──────── Provided material
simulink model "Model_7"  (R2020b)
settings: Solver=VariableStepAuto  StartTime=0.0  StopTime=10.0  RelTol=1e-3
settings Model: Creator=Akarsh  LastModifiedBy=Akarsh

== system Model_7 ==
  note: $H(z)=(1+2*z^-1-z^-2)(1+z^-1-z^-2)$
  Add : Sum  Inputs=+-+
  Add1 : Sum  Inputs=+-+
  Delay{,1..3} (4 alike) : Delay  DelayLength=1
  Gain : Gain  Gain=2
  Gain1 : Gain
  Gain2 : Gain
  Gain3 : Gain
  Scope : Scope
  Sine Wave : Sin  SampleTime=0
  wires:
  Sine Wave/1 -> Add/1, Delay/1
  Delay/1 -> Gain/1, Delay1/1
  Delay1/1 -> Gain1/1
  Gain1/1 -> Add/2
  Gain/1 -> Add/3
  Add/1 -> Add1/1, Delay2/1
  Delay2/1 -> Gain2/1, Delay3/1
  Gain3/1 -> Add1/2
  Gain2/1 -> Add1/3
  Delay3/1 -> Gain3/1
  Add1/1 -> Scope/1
────────────────
**Problem description:** Whenever the word "Sine" appears in a line of the listing, copy out that line.

**Your response:**
  Sine Wave : Sin  SampleTime=0
  Sine Wave/1 -> Add/1, Delay/1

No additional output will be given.